I think a hypothetical [patch.sysroot] could also handle implicit std dependencies. My prototype is designed to handle them for build-std.

alexcrichton commented 4 years ago

That's an excellent point! My "ideal strategy" using [patch] would require one target directory per stage, which means that building the compiler is just one cargo build invocation rather than the two that it is today. Tools are an interesting point I hadn't considered, though. I think you're right that if my patch strategy is to work we'd have to move everything into one target directory and then basically find an actual fix for any bugs that arise from using just one target directory. I forget what the bugs actually are, or if there are any, or if they've just simply been solved via other means by this day and age.

@roblabla ah yeah I agree with @ehuss and it wouldn't require that everyone write out std = { .. }, Cargo will understand that if you don't have sysroot deps then you implicitly depend on today's sysroot (proc_macro, test, std, etc), and those dependency edges would be synthesized by Cargo.

lygstate commented 3 years ago

My personal preference would be to pursue the "patch" syntax for this.
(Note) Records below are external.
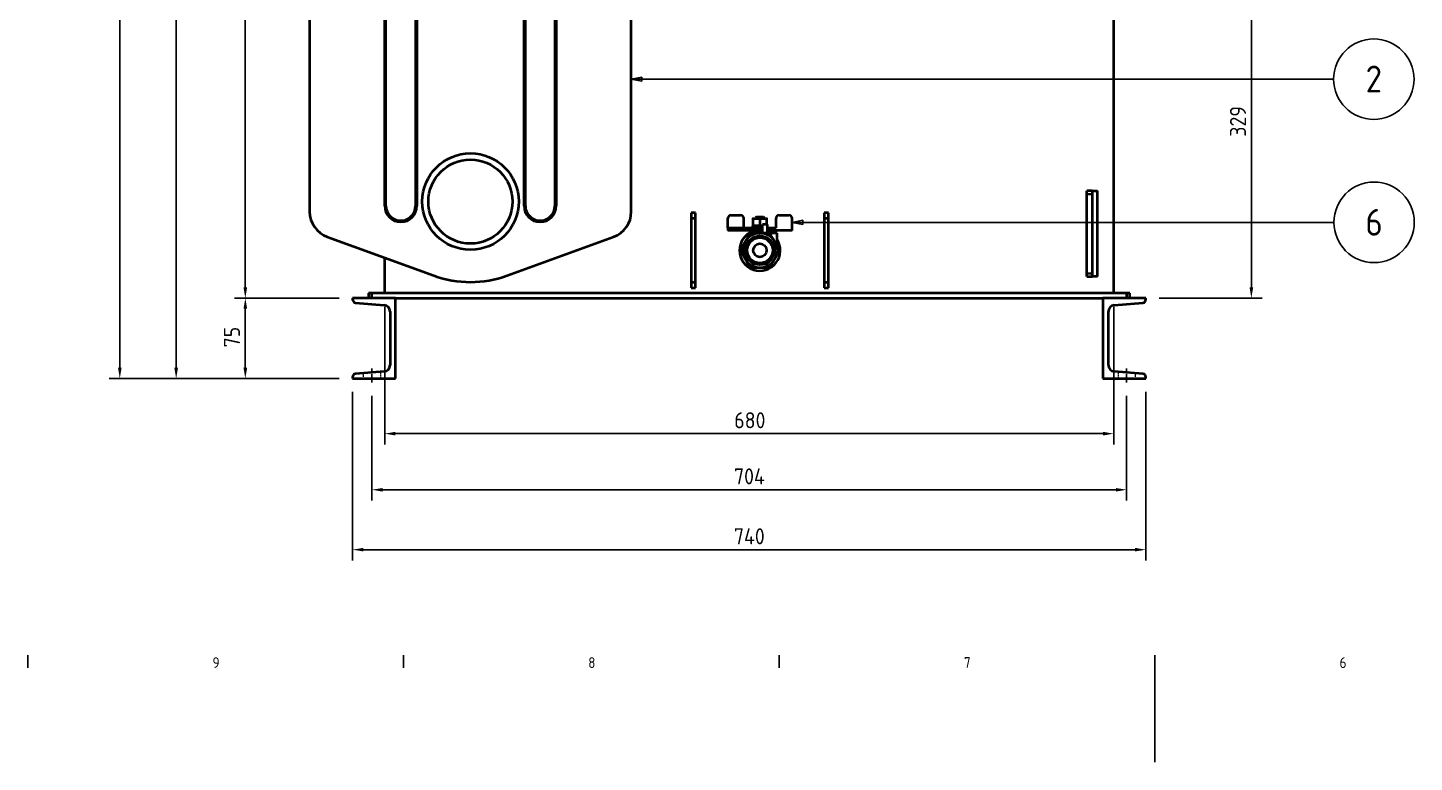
# Model space of a CAD drawing. Header units: millimetres. Extents: x 0 to 4205, y 0 to 2970.
# Drawn here: x 1051 to 2345, y 0 to 685 of the extents above; entities that cross this region are included whole.
import ezdxf

# ---------------------------------------------------------------- set-up
doc = ezdxf.new("R2010")
doc.units = ezdxf.units.MM
doc.header["$LTSCALE"] = 5
doc.linetypes.add('CHAIN', pattern=[0.3543, 0.2362, -0.0295, 0.0591, -0.0295])
doc.linetypes.add('DASHED', pattern=[0.2067, 0.1654, -0.0413])
doc.layers.get('0').update_dxf_attribs({"color": 3, "lineweight": 25})
for name, color, linetype, lineweight in [('가려진 것(ISO)', 2, 'DASHED', 18), ('가시적인 것(ISO)', 3, 'Continuous', 40), ('가시적인 좁은 것(ISO)', 3, 'Continuous', 35), ('경계(ISO)', 7, 'Continuous', 25), ('기호(ISO)', 5, 'Continuous', 25), ('중심선(ISO)', 1, 'Continuous', 25), ('치수(ISO)', 2, 'Continuous', 25)]:
    doc.layers.add(name, color=color, linetype=linetype, lineweight=lineweight)
doc.styles.add('문자 텍스트_PSTEK_POSCO', font='isocp.shx')
doc.styles.add('부품번호텍스트_PSTEK_POSCO', font='isocp.shx')
doc.styles.add('치수 텍스트_PSTEK_POSCO', font='isocp.shx')
doc.dimstyles.new('치수_PSTEK_POSCO', dxfattribs={"dimscale": 5, "dimtxt": 3, "dimasz": 2, "dimexe": 2, "dimexo": 2.5, "dimgap": 1, "dimtad": 1, "dimrnd": 1e-08, "dimdsep": 46, "dimtxsty": '치수 텍스트_PSTEK_POSCO', "dimcen": 0.09, "dimdle": 10, "dimclrd": 7, "dimclre": 7, "dimclrt": 2, "dimadec": 1, "dimazin": 2, "dimtfac": 1, "dimtmove": 0, "dimatfit": 3, "dimfxl": 0, "dimtolj": 1, "dimlwd": -1, "dimlwe": -1, "dimarcsym": 0})

# ---------------------------------------------------------------- blocks, each defined once
blk = doc.blocks.new('경계 Default Border')
at = {"layer": '경계(ISO)'}
for p, q in [((210.25, 20), (210.25, 17.6)), ((280.33, 20), (280.33, 17.6)), ((350.42, 20), (350.42, 17.6))]:
    blk.add_line(p, q, dxfattribs=at)
at = {"layer": '경계(ISO)', "flags": 128}
blk.add_lwpolyline([(420.5, 0), (420.5, 20)], dxfattribs=at)
at = {"layer": '경계(ISO)', "color": 2, "char_height": 2, "attachment_point": 7, "style": '문자 텍스트_PSTEK_POSCO'}
for s, insert in [('9', (244.72, 17.58)), ('8', (314.8, 17.58)), ('7', (384.89, 17.6)), ('6', (454.97, 17.58))]:
    blk.add_mtext(s, dxfattribs=dict(at, insert=insert))
blk = doc.blocks.new('*D26')
at = {"layer": 'Defpoints', "color": 0}
for p in [(1372.2, 354.1), (2076.2, 354.1), (2076.2, 254.1)]:
    blk.add_point(p, dxfattribs=at)
at = {"layer": '치수(ISO)', "color": 7}
for p, q in [((1372.2, 341.6), (1372.2, 244.1)), ((2076.2, 341.6), (2076.2, 244.1)), ((1382.2, 254.1), (2066.2, 254.1))]:
    blk.add_line(p, q, dxfattribs=at)
for points in [[(1382.2, 255.7), (1382.2, 252.4), (1372.2, 254.1)], [(2066.2, 255.7), (2066.2, 252.4), (2076.2, 254.1)]]:
    blk.add_solid(points, dxfattribs=at)
at = {"layer": '치수(ISO)', "color": 2, "insert": (1710, 266.6), "char_height": 15, "attachment_point": 4, "style": '치수 텍스트_PSTEK_POSCO'}
blk.add_mtext('\\A1;704', dxfattribs=at)
blk = doc.blocks.new('*D27')
at = {"layer": 'Defpoints', "color": 0}
for p in [(1354.2, 357.8), (2094.2, 357.8), (2094.2, 198.2)]:
    blk.add_point(p, dxfattribs=at)
at = {"layer": '치수(ISO)', "color": 7}
for p, q in [((1354.2, 345.3), (1354.2, 188.2)), ((2094.2, 345.3), (2094.2, 188.2)), ((1364.2, 198.2), (2084.2, 198.2))]:
    blk.add_line(p, q, dxfattribs=at)
for points in [[(1364.2, 199.9), (1364.2, 196.6), (1354.2, 198.2)], [(2084.2, 199.9), (2084.2, 196.6), (2094.2, 198.2)]]:
    blk.add_solid(points, dxfattribs=at)
at = {"layer": '치수(ISO)', "color": 2, "insert": (1709.9, 210.7), "char_height": 15, "attachment_point": 4, "style": '치수 텍스트_PSTEK_POSCO'}
blk.add_mtext('\\A1;740', dxfattribs=at)
blk = doc.blocks.new('*D28')
at = {"layer": 'Defpoints', "color": 0}
for p in [(1254.2, 432.8), (1354.2, 432.8), (1354.2, 357.8)]:
    blk.add_point(p, dxfattribs=at)
at = {"layer": '치수(ISO)', "color": 7}
for p, q in [((1341.7, 432.8), (1244.2, 432.8)), ((1254.2, 367.8), (1254.2, 422.8)), ((1341.7, 357.8), (1244.2, 357.8))]:
    blk.add_line(p, q, dxfattribs=at)
for points in [[(1252.5, 422.8), (1255.9, 422.8), (1254.2, 432.8)], [(1252.5, 367.8), (1255.9, 367.8), (1254.2, 357.8)]]:
    blk.add_solid(points, dxfattribs=at)
at = {"layer": '치수(ISO)', "color": 2, "insert": (1241.7, 386.8), "char_height": 15, "attachment_point": 4, "rotation": 90, "style": '치수 텍스트_PSTEK_POSCO'}
blk.add_mtext('\\A1;75', dxfattribs=at)
blk = doc.blocks.new('*D29')
at = {"layer": 'Defpoints', "color": 0}
for p in [(1254.2, 1451), (1351.2, 1451), (1354.2, 432.8)]:
    blk.add_point(p, dxfattribs=at)
at = {"layer": '치수(ISO)', "color": 7}
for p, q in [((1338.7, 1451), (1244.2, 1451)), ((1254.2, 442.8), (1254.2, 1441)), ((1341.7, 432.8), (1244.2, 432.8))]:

For example the backtrace crate would depend on core via -Z explicit-std, and then the rust-lang/rust workspace would have the following:

[patch.sysroot]
std = { path = "src/libstd" }
core = { path = "src/libcore" }
alloc = { path = "src/liballoc" }

# maybe not necessary, unsure
proc_macro = { path = "src/libproc_macro" }
test = { path = "src/libtest" } 

That way all crates.io crates with explicit deps would get rewrited to the path dependencies, and then the source code in rust-lang/rust would continue using path dependencies everywhere. Additionally this would allow us to build all of rust-lang/rust in one cargo build because rustc, for example, would have an implicit dependency on std (and things like proc_macro) which would be overridden via the [patch.sysroot]

I would prefer to avoid supporting a sort of magical "just match up the names in the crate graph" behavior because Cargo has largely avoided that sort of dependency matching, and I think that [patch] at least conceptually fits the bill pretty nicely here. Implement thing would also support users with custom implementations of the standard library and/or libcore, since they could use [patch] as well to pull in a custom version.

Looks good, are this on the road?

Ericson2314 commented 3 years ago

Do we have the ability to write explicit standard library deps yet? I would think that the syntax for that and these overrides would go hand-in-hand.